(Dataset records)
* * * * * * * * *
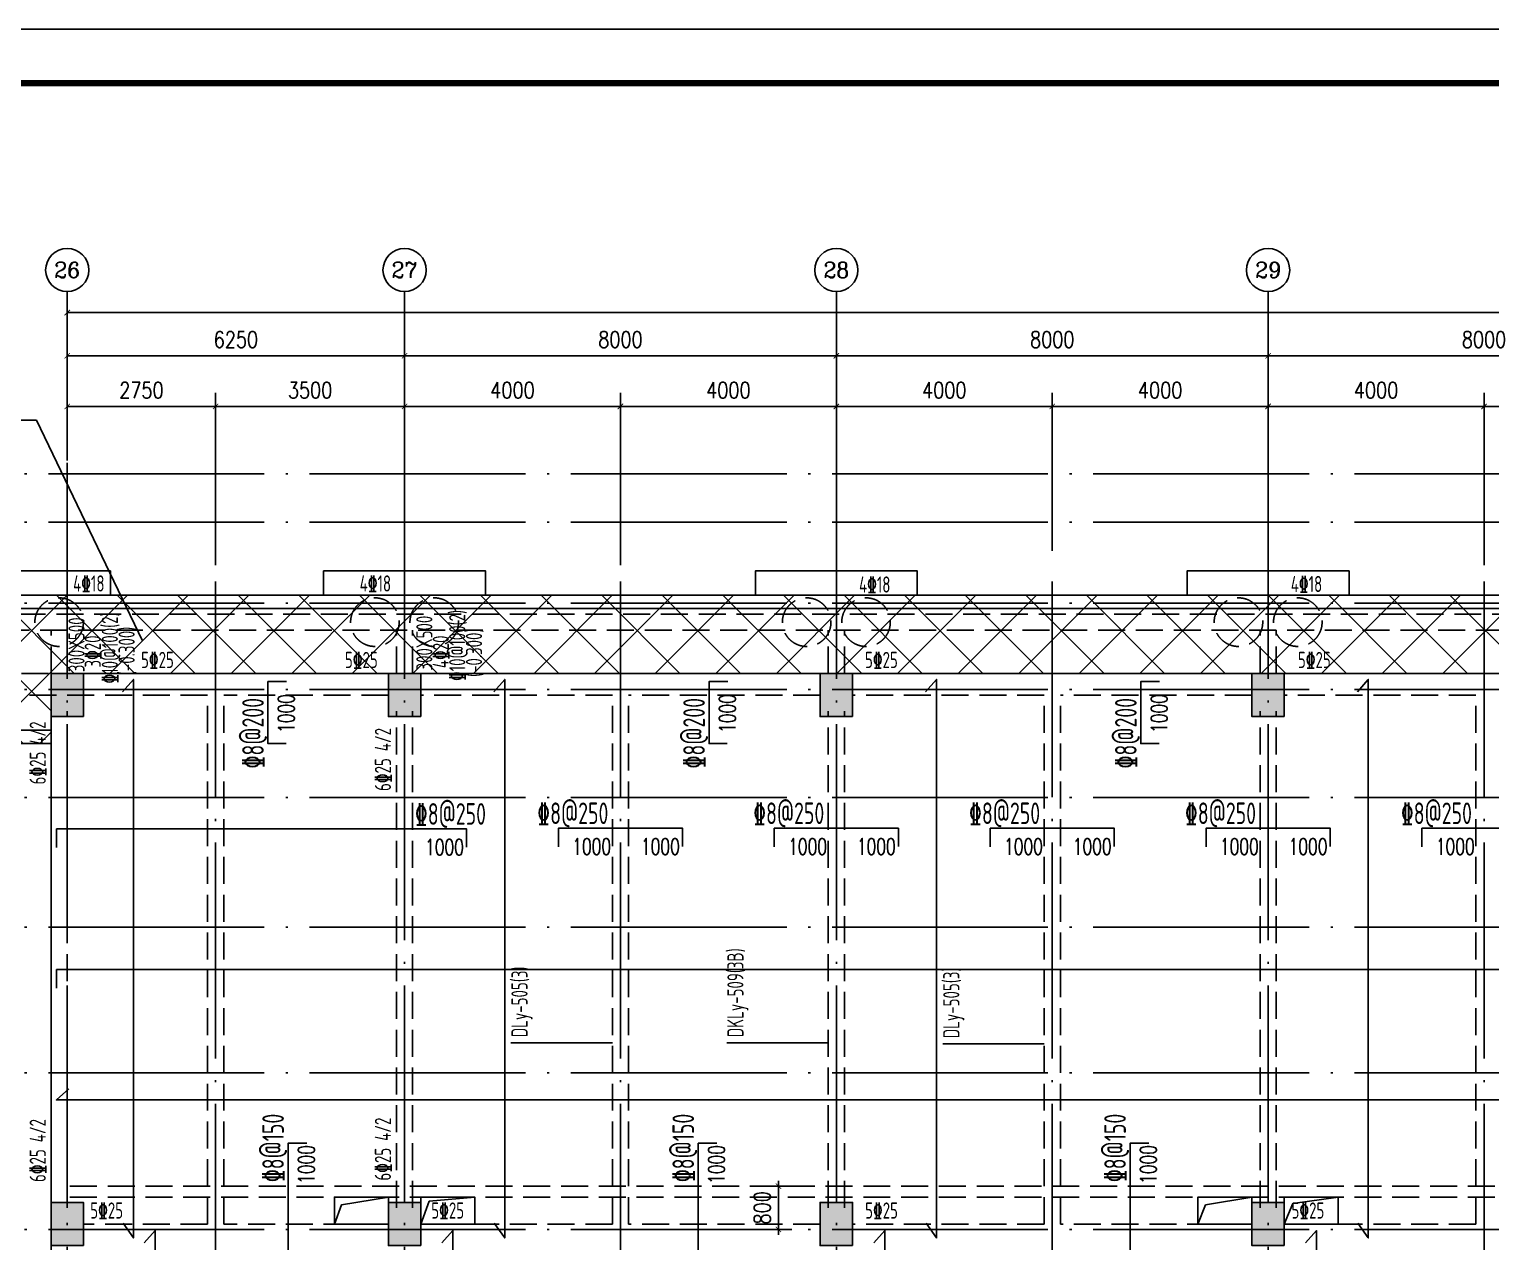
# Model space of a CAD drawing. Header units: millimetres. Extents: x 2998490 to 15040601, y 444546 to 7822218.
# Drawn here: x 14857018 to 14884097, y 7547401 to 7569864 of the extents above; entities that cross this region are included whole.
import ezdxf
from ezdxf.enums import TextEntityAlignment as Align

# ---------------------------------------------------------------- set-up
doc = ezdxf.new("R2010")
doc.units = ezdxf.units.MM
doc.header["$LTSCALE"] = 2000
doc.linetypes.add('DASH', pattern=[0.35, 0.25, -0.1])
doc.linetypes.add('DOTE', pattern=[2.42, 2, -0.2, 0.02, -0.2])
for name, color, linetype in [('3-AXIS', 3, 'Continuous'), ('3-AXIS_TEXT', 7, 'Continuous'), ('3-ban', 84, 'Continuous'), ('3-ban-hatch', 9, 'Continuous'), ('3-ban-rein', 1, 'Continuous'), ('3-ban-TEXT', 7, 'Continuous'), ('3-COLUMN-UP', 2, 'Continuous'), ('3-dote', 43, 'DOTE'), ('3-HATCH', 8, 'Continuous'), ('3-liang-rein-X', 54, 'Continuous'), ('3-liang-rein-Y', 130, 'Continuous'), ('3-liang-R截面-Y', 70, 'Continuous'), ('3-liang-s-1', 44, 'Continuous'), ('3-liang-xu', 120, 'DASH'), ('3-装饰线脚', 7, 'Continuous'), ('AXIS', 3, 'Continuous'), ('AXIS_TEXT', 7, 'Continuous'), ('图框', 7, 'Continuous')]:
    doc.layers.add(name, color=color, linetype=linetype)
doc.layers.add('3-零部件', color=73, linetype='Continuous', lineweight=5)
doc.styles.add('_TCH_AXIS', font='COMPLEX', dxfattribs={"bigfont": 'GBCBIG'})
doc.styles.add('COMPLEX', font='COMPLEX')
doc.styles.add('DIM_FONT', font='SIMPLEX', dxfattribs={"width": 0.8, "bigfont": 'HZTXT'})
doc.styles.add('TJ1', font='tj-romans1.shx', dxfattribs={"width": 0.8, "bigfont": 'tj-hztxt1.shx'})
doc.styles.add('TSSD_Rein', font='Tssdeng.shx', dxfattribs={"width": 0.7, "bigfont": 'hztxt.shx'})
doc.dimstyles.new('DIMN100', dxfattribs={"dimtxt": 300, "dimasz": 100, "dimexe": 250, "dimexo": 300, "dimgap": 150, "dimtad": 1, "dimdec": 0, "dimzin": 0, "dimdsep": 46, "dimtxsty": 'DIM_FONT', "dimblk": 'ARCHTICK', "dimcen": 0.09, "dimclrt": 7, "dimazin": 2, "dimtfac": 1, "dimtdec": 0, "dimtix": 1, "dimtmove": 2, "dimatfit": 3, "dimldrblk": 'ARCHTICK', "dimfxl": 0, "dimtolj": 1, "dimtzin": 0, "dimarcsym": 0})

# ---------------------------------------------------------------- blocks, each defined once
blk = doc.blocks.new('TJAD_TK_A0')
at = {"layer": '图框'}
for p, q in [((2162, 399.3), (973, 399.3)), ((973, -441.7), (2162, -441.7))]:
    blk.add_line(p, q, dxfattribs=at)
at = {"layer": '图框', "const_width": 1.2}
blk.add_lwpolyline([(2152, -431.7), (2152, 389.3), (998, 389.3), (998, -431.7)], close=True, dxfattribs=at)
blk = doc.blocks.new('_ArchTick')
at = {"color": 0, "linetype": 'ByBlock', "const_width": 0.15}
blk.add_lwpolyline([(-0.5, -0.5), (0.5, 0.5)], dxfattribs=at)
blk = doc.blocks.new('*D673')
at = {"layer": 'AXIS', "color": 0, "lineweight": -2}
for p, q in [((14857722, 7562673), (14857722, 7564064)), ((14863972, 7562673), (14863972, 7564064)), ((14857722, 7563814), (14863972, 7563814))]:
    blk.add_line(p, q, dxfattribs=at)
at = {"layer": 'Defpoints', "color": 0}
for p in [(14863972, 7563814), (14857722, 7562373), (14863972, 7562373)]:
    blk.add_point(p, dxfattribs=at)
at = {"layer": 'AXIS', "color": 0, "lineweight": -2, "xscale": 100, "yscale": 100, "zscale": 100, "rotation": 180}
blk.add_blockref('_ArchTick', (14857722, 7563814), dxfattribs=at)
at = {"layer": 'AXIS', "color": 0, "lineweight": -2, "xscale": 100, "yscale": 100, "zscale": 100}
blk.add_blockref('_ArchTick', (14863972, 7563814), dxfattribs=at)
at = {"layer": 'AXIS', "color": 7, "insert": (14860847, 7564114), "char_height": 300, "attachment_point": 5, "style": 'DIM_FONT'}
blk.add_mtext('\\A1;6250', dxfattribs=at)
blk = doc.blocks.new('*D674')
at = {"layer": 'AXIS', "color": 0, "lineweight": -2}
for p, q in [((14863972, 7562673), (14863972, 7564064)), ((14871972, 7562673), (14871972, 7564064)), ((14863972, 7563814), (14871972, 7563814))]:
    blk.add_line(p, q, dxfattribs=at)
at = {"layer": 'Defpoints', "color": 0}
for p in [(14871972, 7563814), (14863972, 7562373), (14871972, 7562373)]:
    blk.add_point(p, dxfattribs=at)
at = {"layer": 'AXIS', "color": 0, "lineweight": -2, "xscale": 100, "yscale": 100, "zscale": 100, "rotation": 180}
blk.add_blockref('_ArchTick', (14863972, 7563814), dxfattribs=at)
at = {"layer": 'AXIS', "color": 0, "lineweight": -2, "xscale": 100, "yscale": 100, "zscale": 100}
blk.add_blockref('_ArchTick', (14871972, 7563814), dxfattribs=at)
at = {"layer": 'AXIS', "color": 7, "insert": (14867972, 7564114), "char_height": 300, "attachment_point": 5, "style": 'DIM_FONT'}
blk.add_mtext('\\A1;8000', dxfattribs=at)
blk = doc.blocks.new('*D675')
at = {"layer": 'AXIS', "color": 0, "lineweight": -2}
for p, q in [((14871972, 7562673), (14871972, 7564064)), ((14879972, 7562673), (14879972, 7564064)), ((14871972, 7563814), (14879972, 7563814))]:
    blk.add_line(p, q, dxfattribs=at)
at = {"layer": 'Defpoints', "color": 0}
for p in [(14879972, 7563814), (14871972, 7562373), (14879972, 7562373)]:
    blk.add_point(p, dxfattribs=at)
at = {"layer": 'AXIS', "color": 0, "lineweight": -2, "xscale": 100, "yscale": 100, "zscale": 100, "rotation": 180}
* * * * * * * * *
# Your objective
Return exactly the lines from the one containing "blk = doc.blocks.new('*D674')" to the last line of the data, and nothing more.

# Exercise output
blk = doc.blocks.new('*D674')
at = {"layer": 'AXIS', "color": 0, "lineweight": -2}
for p, q in [((14863972, 7562673), (14863972, 7564064)), ((14871972, 7562673), (14871972, 7564064)), ((14863972, 7563814), (14871972, 7563814))]:
    blk.add_line(p, q, dxfattribs=at)
at = {"layer": 'Defpoints', "color": 0}
for p in [(14871972, 7563814), (14863972, 7562373), (14871972, 7562373)]:
    blk.add_point(p, dxfattribs=at)
at = {"layer": 'AXIS', "color": 0, "lineweight": -2, "xscale": 100, "yscale": 100, "zscale": 100, "rotation": 180}
blk.add_blockref('_ArchTick', (14863972, 7563814), dxfattribs=at)
at = {"layer": 'AXIS', "color": 0, "lineweight": -2, "xscale": 100, "yscale": 100, "zscale": 100}
blk.add_blockref('_ArchTick', (14871972, 7563814), dxfattribs=at)
at = {"layer": 'AXIS', "color": 7, "insert": (14867972, 7564114), "char_height": 300, "attachment_point": 5, "style": 'DIM_FONT'}
blk.add_mtext('\\A1;8000', dxfattribs=at)
blk = doc.blocks.new('*D675')
at = {"layer": 'AXIS', "color": 0, "lineweight": -2}
for p, q in [((14871972, 7562673), (14871972, 7564064)), ((14879972, 7562673), (14879972, 7564064)), ((14871972, 7563814), (14879972, 7563814))]:
    blk.add_line(p, q, dxfattribs=at)
at = {"layer": 'Defpoints', "color": 0}
for p in [(14879972, 7563814), (14871972, 7562373), (14879972, 7562373)]:
    blk.add_point(p, dxfattribs=at)
at = {"layer": 'AXIS', "color": 0, "lineweight": -2, "xscale": 100, "yscale": 100, "zscale": 100, "rotation": 180}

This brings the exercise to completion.